Banks have already been using APIs and the enhanced connectivity brought by biometrics and other authentication tools (before codification of open banking rules) to make the process of paying with a bank account easy, even in Europe, which is a fragmented commerce landscape, Gonthier said.
For Trustly, which is based in Sweden and enables pay by bank in Europe, “you click on the pay-by-bank [option] in each country, and you authenticate, simply, with your thumb or your face,” he said.
Those mechanisms are simpler than card payments, as they sidestep the manual entry of card details such as 16-digit primary account numbers if cards are not already on file, he said.
Gonthier told Webster that the move to pay by bank at retail is still a bit of an uphill climb, where consumers don’t have a fundamental reason to use it. For most consumers, pay by bank happens when they pull out their debit card.
What’s needed is something “extra that debit cards don’t provide,” he said, where the past may be prologue.
“I’m actually betting that we will go back to the future,” Gonthier said. “The future is what the past taught us … 20 years ago with decoupled debit.”
Decoupled debit cards, which through the past few decades have been issued and operated by merchants or organizations, were and are linked directly to a customer’s bank account through a third party (most recently challenger banks).
Those cards have typically been attached to loyalty programs, which will be a key value-add feature for pay by bank, Gonthier said.
Loyalty programs will provide that consumer incentive to switch, he said. The joint research by PYMNTS Intelligence and Trustly indicated that when consumers are presented with cash-back discounts or loyalty benefits, their interest in open banking payments surges by 72%.
Merchants’ loyalty programs can be fine-tuned, underpinned by the wealth of data tied to the connections between merchants, banks and FinTechs. Trustly is educating retailers that loyalty programs will drive more active consumer transactions over a long-lived relationship, as firms realize the savings from payment processing and ramp up rewards points for everyday spending, such as at the gas pump, he said.
Looking ahead, Trustly is exploring providing installment options for pay-by-bank transactions, where the firm has a significant portion of the billing volume, he said. Installment options can help ensure that there’s no non-sufficient funds occurrence when, for example, consumers go grocery shopping or pay other daily expenses (a scenario that Gonthier said can impact 20% of the U.S. population).
“You’re turning a bill that’s due today into a bill that you can pay 30 days later,” he said, and pay by bank becomes a debit alternative.
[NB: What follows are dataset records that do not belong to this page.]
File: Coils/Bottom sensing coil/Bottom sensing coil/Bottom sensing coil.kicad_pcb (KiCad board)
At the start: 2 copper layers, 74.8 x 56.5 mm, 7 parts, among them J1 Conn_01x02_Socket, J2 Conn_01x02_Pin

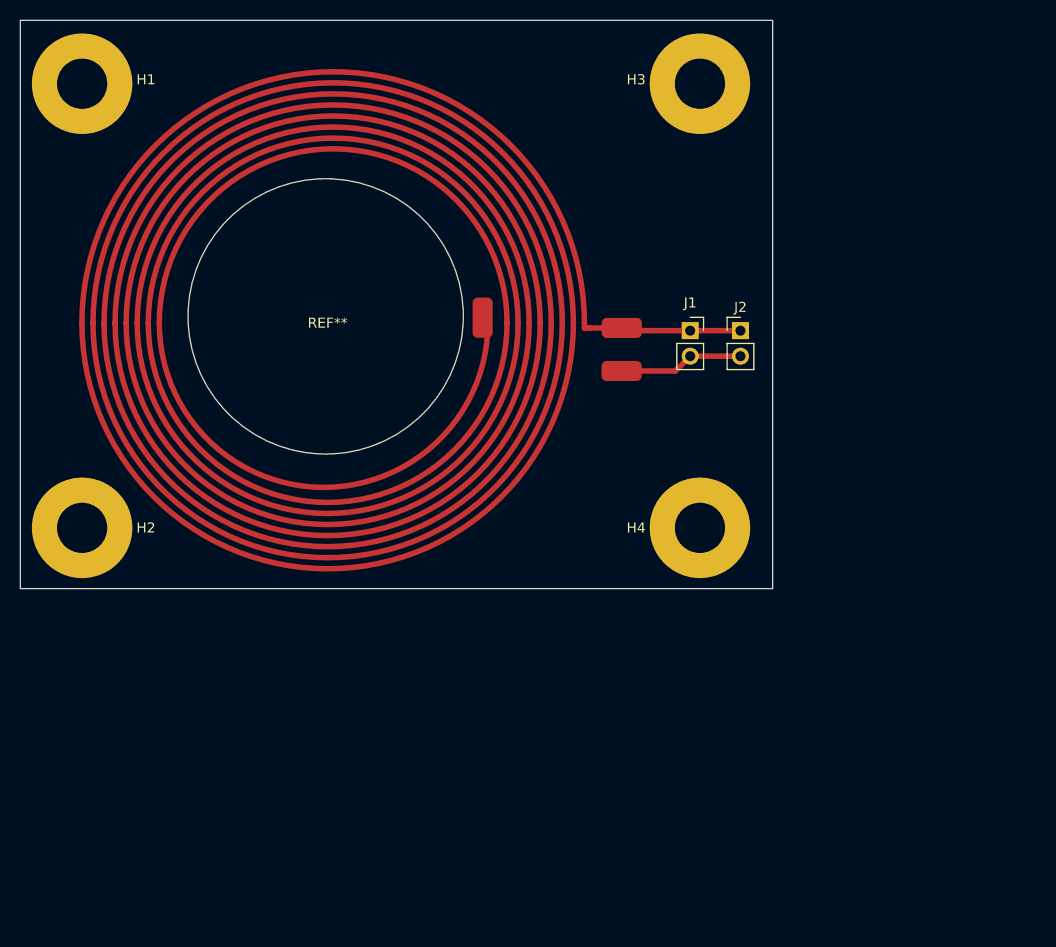
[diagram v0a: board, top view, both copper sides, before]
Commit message: added 3d models for OPA3692, THS3091 and BNC connector
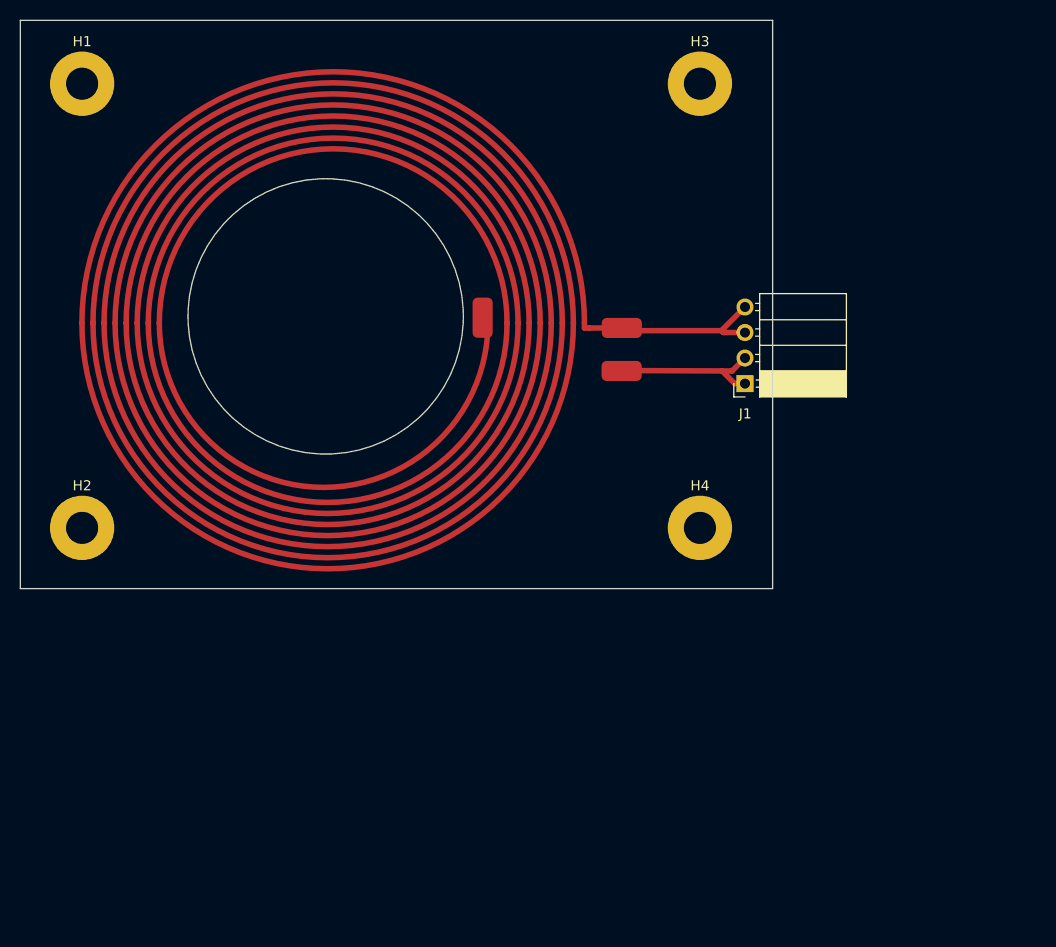
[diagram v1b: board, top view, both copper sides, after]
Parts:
- removed J2: Conn_01x02_Pin, Connector_PinHeader_2.54mm:PinHeader_1x02_P2.54mm_Vertical
- H1, H2, H3, H4: footprint MountingHole:MountingHole_5mm_Pad -> MountingHole:MountingHole_3.2mm_M3_Pad
- J1: value Conn_01x02_Socket -> Conn_01x04_Socket; footprint Connector_PinSocket_2.54mm:PinSocket_1x02_P2.54mm_Vertical -> Connector_PinSocket_2.54mm:PinSocket_1x04_P2.54mm_Horizontal
- moved J1 7.58 mm to (189.8, 101.2), turned to 180 degrees
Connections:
- J1 pad 1: /coil start -> /coil end
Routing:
- net /coil end: track 12.4 -> 15.7 mm
- net /coil start: track 12.7 -> 15.8 mm

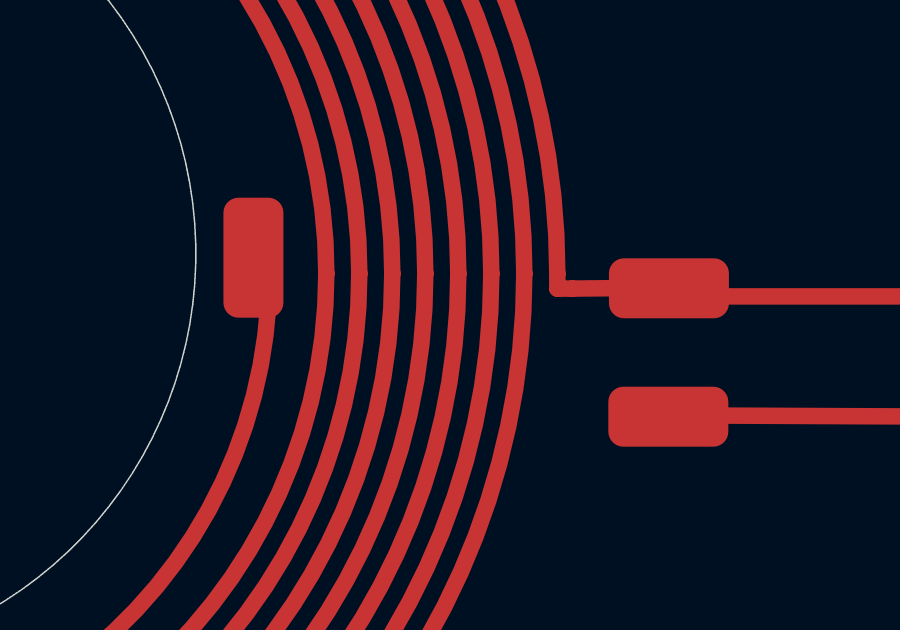
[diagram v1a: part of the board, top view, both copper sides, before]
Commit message: Small corrections, changed footprint for edge SMA connectors
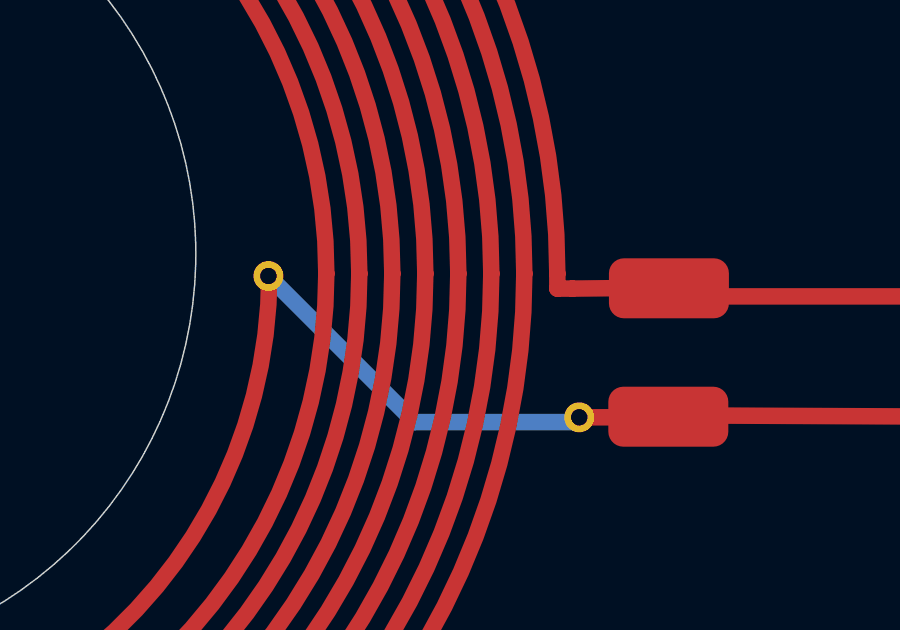
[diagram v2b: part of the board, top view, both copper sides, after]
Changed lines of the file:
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@@
+		)
+		(fp_line
+			(start 26.28 4.79)
+			(end 26.28 4.79)
+			(stroke
+				(width 0.55)
+				(type default)
+			)
+			(layer "F.Cu")
+		)
+		(fp_line
+			(start 26.28 4.79)
+			(end 29.25 4.79)
+			(stroke
+				(width 0.55)
+				(type default)
+			)
+			(layer "F.Cu")
 		)
 		(fp_line
@@
 			(layer "F.Cu")
 		)
-		(pad "" smd roundrect
-			(at 15.42 -0.53 270)
-			(size 4 2)
-			(layers "F.Cu")
-			(roundrect_rratio 0.25)
+		(fp_line
+			(start 15.92 0.08)
+			(end 20.79 4.95)
+			(stroke
+				(width 0.55)
+				(type default)
+			)
+			(layer "B.Cu")
+		)
+		(fp_line
+			(start 20.79 4.95)
+			(end 26.28 4.95)
+			(stroke
+				(width 0.55)
+				(type default)
+			)
+			(layer "B.Cu")
+		)
+		(fp_line
+			(start 26.28 4.79)
+			(end 26.28 4.79)
+			(stroke
+				(width 0.55)
+				(type default)
+			)
+			(layer "B.Cu")
+		)
+		(pad "" thru_hole circle
+			(at 15.92 0.08 270)
+			(size 1 1)
+			(drill 0.55)
+			(layers "*.Cu" "*.Mask")
+			(remove_unused_layers no)
+		)
+		(pad "" thru_hole circle
+			(at 26.28 4.79 270)
+			(size 1 1)
+			(drill 0.55)
+			(layers "*.Cu" "*.Mask")
+			(remove_unused_layers no)
 		)
 		(pad "1" smd roundrect

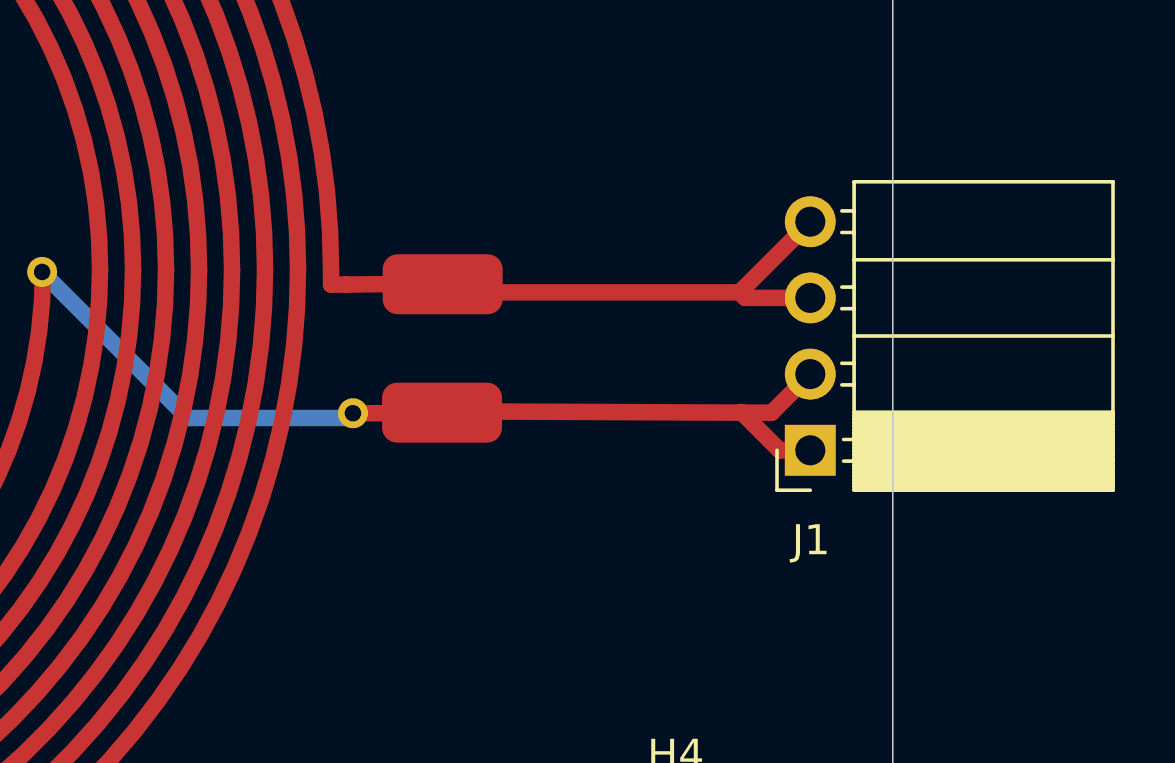
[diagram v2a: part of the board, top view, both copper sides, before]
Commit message: Added via stiching to TX board, moved almost all vias off of pads, increased the trace width for the power supply and changed coil connector to horizontal socket
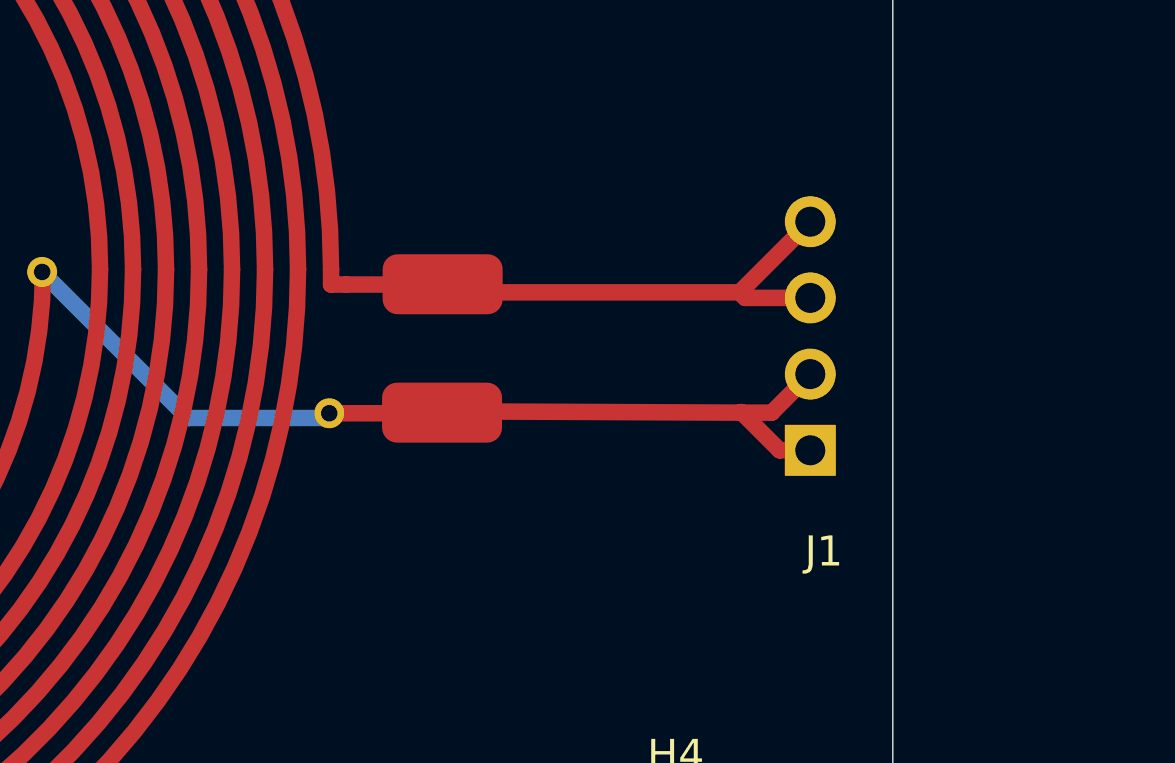
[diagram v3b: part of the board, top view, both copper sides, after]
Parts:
- J1: value Conn_01x04_Socket -> Conn_01x04; footprint Connector_PinSocket_2.54mm:PinSocket_1x04_P2.54mm_Horizontal -> Connector_PinHeader_2.54mm:PinHeader_1x04_P2.54mm_Horizontal; moved to B.Cu
- turned J1 to 0 degrees

Gonthier predicted that one of the biggest consumer incentives to use pay by bank at retail is how their bank account essentially travels with them, like PayPal.
Because that “eliminates the authentication step, pay by bank has the potential to become an alternative to Apple Pay,” he said.
So, while the fate of open banking frameworks in the U.S. may be a question mark, Gonthier said he remains confident about pay by bank’s long-term tailwinds.
With or without a regulatory mandate, he told Webster, for pay by bank, “the use cases that consumers come to discover and love … they’re not going anywhere.”